Saved data entries:

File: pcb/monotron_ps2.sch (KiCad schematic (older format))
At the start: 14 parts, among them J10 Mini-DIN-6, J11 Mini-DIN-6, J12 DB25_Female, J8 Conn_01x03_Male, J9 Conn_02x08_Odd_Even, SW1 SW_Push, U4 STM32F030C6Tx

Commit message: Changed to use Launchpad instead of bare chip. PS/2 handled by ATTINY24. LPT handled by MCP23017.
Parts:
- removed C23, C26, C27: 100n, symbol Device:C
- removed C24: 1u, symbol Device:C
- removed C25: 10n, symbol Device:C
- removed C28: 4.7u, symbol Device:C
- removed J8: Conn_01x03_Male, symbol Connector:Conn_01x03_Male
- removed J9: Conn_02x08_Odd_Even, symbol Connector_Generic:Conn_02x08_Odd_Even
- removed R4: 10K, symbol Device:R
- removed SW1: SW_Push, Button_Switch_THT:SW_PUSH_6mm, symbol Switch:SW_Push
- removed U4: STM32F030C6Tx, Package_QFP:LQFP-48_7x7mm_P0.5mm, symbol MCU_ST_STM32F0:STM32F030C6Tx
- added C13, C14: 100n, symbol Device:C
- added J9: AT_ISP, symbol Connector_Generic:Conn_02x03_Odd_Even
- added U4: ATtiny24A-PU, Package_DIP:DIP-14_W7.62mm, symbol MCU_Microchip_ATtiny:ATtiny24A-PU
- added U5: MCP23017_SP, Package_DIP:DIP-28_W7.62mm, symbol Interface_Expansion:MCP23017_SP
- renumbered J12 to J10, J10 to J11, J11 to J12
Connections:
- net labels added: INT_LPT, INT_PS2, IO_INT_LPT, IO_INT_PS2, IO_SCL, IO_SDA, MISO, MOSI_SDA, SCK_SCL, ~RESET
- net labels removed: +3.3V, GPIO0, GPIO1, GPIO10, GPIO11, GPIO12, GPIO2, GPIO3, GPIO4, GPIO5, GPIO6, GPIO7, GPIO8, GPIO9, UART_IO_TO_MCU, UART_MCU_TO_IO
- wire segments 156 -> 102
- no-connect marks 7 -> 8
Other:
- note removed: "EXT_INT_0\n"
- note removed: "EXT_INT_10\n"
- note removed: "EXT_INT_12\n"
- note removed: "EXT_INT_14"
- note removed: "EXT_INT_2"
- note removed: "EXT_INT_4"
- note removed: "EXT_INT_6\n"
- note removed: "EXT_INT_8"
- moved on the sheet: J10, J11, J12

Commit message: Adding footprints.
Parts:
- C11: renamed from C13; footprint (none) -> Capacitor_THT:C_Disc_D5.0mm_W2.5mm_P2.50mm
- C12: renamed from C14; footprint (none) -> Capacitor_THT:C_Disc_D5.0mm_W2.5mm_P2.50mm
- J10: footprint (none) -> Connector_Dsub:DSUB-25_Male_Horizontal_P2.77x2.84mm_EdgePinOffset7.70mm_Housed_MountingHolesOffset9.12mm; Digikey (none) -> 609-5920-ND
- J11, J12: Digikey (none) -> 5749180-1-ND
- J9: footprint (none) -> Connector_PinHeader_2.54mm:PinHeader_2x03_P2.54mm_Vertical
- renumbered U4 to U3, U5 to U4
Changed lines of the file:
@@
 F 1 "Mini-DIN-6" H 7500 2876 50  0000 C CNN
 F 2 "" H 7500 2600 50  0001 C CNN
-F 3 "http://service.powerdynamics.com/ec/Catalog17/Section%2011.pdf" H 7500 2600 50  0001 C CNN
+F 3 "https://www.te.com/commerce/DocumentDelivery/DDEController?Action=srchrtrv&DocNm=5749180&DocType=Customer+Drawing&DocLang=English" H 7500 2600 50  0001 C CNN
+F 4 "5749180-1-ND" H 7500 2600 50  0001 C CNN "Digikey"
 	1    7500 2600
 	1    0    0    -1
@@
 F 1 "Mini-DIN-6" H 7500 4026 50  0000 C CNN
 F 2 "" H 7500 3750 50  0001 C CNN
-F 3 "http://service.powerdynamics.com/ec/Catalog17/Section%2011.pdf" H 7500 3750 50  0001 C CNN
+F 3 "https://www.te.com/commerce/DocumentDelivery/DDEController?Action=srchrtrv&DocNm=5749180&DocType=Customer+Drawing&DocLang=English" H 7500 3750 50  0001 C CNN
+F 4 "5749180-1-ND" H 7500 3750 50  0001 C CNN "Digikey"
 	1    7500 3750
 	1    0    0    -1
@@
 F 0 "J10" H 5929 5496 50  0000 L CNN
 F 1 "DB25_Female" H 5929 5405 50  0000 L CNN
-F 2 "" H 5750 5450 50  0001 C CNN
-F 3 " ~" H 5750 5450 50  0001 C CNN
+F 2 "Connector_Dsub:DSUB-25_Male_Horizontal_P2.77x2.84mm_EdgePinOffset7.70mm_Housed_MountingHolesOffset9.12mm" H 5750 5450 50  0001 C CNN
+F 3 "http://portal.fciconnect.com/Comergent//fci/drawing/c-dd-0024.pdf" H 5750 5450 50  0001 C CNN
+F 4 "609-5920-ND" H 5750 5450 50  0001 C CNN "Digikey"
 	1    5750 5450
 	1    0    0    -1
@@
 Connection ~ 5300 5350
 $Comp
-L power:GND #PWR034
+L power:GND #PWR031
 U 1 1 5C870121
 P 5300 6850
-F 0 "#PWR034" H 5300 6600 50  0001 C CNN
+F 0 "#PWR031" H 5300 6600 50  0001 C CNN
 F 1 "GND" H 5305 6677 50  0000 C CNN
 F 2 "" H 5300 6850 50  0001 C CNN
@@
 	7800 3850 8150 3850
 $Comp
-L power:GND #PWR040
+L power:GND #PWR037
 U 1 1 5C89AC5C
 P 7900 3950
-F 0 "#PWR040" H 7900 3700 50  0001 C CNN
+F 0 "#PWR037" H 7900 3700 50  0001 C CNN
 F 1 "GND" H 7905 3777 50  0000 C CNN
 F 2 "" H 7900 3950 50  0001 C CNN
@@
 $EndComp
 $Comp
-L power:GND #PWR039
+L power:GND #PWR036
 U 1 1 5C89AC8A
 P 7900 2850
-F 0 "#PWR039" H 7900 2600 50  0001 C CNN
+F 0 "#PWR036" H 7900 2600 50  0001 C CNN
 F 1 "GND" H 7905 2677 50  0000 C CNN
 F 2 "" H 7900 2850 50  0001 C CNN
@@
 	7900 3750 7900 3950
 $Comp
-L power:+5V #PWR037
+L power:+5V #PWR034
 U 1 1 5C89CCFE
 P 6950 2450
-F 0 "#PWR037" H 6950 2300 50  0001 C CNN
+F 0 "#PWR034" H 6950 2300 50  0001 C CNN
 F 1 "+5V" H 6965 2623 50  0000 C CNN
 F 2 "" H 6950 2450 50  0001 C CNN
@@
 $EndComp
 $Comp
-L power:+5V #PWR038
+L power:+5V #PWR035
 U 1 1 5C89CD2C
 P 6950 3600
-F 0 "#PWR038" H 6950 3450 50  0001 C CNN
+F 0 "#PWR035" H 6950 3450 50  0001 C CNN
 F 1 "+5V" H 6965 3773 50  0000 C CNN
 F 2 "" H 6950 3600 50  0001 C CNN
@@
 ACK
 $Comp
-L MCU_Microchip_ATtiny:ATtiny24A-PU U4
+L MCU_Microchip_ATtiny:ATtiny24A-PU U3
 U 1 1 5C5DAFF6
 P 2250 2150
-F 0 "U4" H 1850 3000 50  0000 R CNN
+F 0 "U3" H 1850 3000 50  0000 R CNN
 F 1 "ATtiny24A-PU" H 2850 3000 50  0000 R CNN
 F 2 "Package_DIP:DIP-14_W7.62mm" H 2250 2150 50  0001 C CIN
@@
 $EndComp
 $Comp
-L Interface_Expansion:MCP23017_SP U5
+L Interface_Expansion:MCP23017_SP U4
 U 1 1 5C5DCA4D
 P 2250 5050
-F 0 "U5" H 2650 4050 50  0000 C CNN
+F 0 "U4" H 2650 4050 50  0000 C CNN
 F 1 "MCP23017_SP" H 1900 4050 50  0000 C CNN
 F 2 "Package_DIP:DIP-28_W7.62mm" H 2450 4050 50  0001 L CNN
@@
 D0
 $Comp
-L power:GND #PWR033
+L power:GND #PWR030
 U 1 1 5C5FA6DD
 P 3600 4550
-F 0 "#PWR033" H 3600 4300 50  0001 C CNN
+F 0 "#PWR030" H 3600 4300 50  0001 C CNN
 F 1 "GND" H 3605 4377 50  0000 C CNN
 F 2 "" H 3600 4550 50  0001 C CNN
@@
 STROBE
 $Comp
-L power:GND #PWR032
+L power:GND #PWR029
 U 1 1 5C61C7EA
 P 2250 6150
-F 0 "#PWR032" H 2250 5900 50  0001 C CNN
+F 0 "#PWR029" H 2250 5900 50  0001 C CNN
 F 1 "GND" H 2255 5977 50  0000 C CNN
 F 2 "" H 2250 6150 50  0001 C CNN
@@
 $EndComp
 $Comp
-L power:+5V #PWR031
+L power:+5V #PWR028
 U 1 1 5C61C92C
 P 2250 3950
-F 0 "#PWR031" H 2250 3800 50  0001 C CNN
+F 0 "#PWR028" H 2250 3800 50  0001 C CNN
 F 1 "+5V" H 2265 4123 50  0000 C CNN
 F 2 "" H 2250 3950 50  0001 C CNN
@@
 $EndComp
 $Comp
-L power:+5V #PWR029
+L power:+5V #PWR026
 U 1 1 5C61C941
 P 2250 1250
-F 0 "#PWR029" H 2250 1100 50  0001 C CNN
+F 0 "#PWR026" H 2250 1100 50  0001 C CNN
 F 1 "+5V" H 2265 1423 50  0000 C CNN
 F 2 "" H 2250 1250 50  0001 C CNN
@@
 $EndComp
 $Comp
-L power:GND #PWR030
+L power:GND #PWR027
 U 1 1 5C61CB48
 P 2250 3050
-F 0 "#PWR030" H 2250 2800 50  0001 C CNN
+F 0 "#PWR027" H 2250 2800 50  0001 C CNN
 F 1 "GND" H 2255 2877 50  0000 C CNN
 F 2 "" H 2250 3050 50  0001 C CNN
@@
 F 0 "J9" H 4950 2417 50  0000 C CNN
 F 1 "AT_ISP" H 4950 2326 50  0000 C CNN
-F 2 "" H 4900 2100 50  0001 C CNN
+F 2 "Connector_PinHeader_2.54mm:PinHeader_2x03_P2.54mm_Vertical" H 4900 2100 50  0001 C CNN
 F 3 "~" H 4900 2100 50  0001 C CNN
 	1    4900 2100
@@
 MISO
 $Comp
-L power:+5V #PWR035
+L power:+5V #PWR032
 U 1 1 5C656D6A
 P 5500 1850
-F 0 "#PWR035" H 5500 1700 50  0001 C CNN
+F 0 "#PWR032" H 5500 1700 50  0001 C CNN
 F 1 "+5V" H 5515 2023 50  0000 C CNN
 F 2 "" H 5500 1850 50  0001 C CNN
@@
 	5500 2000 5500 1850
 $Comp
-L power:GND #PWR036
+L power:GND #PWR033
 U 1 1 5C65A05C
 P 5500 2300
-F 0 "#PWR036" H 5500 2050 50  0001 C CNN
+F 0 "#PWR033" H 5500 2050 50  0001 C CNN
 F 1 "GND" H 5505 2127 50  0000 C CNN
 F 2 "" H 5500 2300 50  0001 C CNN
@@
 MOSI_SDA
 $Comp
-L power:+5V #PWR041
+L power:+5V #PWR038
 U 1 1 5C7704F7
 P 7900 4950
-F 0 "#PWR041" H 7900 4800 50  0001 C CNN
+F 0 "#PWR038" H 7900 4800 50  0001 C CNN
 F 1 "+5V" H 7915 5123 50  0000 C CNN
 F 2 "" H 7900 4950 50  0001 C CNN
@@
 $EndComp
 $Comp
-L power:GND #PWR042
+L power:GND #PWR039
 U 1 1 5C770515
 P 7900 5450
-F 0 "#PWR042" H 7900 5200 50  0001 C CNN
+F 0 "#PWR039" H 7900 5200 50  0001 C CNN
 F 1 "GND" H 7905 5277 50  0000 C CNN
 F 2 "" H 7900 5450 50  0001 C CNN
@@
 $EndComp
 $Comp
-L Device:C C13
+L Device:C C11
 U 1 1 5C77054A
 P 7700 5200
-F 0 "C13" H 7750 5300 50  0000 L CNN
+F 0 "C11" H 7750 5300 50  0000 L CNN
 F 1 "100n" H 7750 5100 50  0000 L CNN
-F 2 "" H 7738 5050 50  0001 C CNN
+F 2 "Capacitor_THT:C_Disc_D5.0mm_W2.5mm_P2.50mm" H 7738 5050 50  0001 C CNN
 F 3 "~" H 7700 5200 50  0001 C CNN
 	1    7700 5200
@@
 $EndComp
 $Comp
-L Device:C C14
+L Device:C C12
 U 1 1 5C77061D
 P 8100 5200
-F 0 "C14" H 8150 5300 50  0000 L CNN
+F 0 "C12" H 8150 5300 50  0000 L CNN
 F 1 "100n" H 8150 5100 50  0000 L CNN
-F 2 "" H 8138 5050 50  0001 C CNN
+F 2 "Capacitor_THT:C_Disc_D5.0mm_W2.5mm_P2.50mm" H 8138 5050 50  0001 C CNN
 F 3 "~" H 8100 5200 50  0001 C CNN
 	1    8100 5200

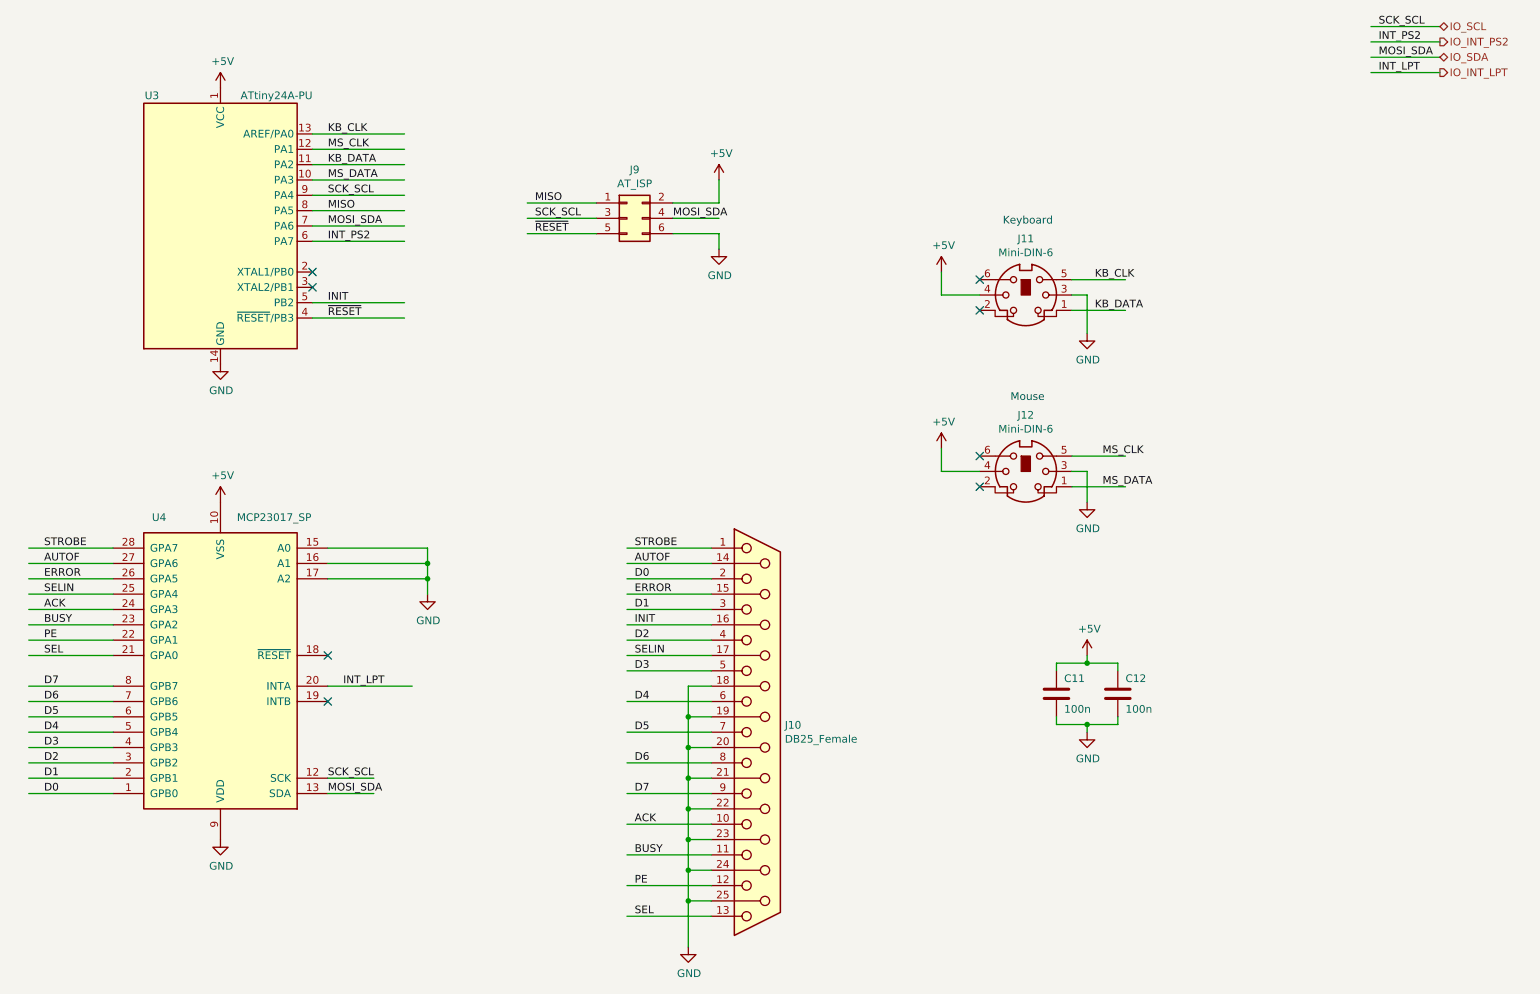
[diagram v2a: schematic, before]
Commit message: Added footprints. Change SD footprint for breakout board. Changed PS2/LPT interface to single AtMega48A. Moved MAX3232 to main sheet. Added I2C header. Started PCB layout.
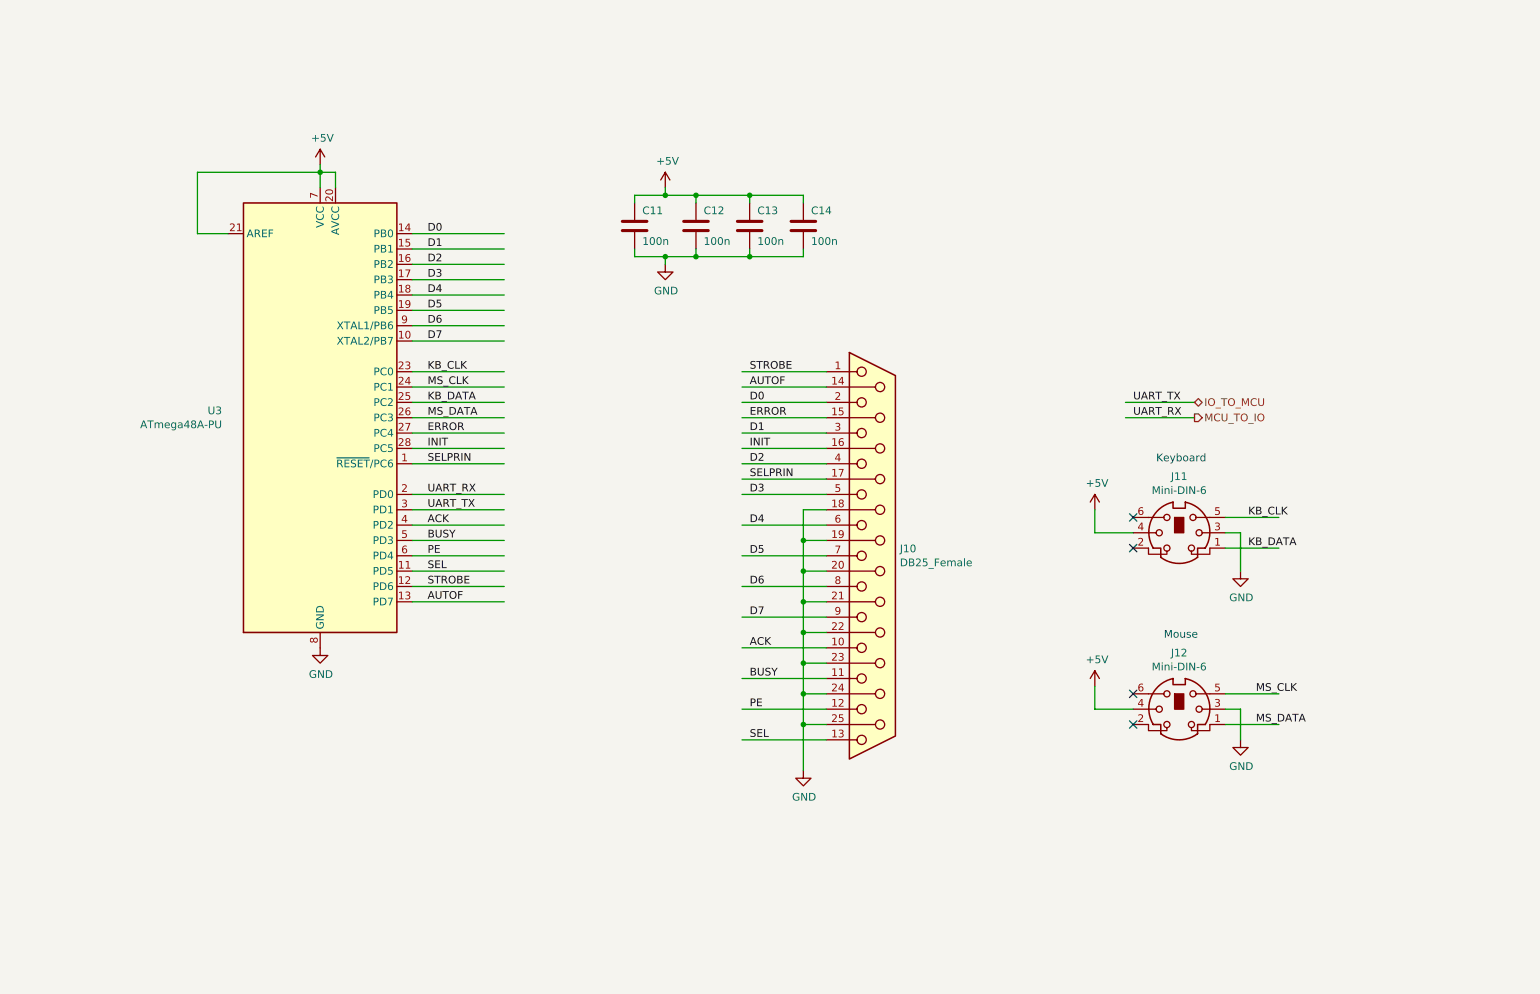
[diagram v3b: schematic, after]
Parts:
- removed J9: AT_ISP, Connector_PinHeader_2.54mm:PinHeader_2x03_P2.54mm_Vertical, symbol Connector_Generic:Conn_02x03_Odd_Even
- removed U3: ATtiny24A-PU, Package_DIP:DIP-14_W7.62mm, symbol MCU_Microchip_ATtiny:ATtiny24A-PU
- removed U4: MCP23017_SP, Package_DIP:DIP-28_W7.62mm, symbol Interface_Expansion:MCP23017_SP
- added C13, C14: 100n, Capacitor_THT:C_Disc_D5.0mm_W2.5mm_P2.50mm, symbol Device:C
- added U3: ATmega48A-PU, Package_DIP:DIP-28_W7.62mm, symbol MCU_Microchip_ATmega:ATmega48A-PU
- J11, J12: footprint (none) -> Connector_PinHeader_2.54mm:PinHeader_1x04_P2.54mm_Horizontal
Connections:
- net labels added: IO_TO_MCU, MCU_TO_IO, SELPRIN, UART_RX, UART_TX
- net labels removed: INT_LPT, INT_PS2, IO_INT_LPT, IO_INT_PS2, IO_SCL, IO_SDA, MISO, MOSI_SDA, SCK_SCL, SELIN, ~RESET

> [YOUR GOAL]
The string "srchrtrv" may appear in the lines of the records above. State how many lines contain it, with no other words.

> [ANSWER SPACE]
2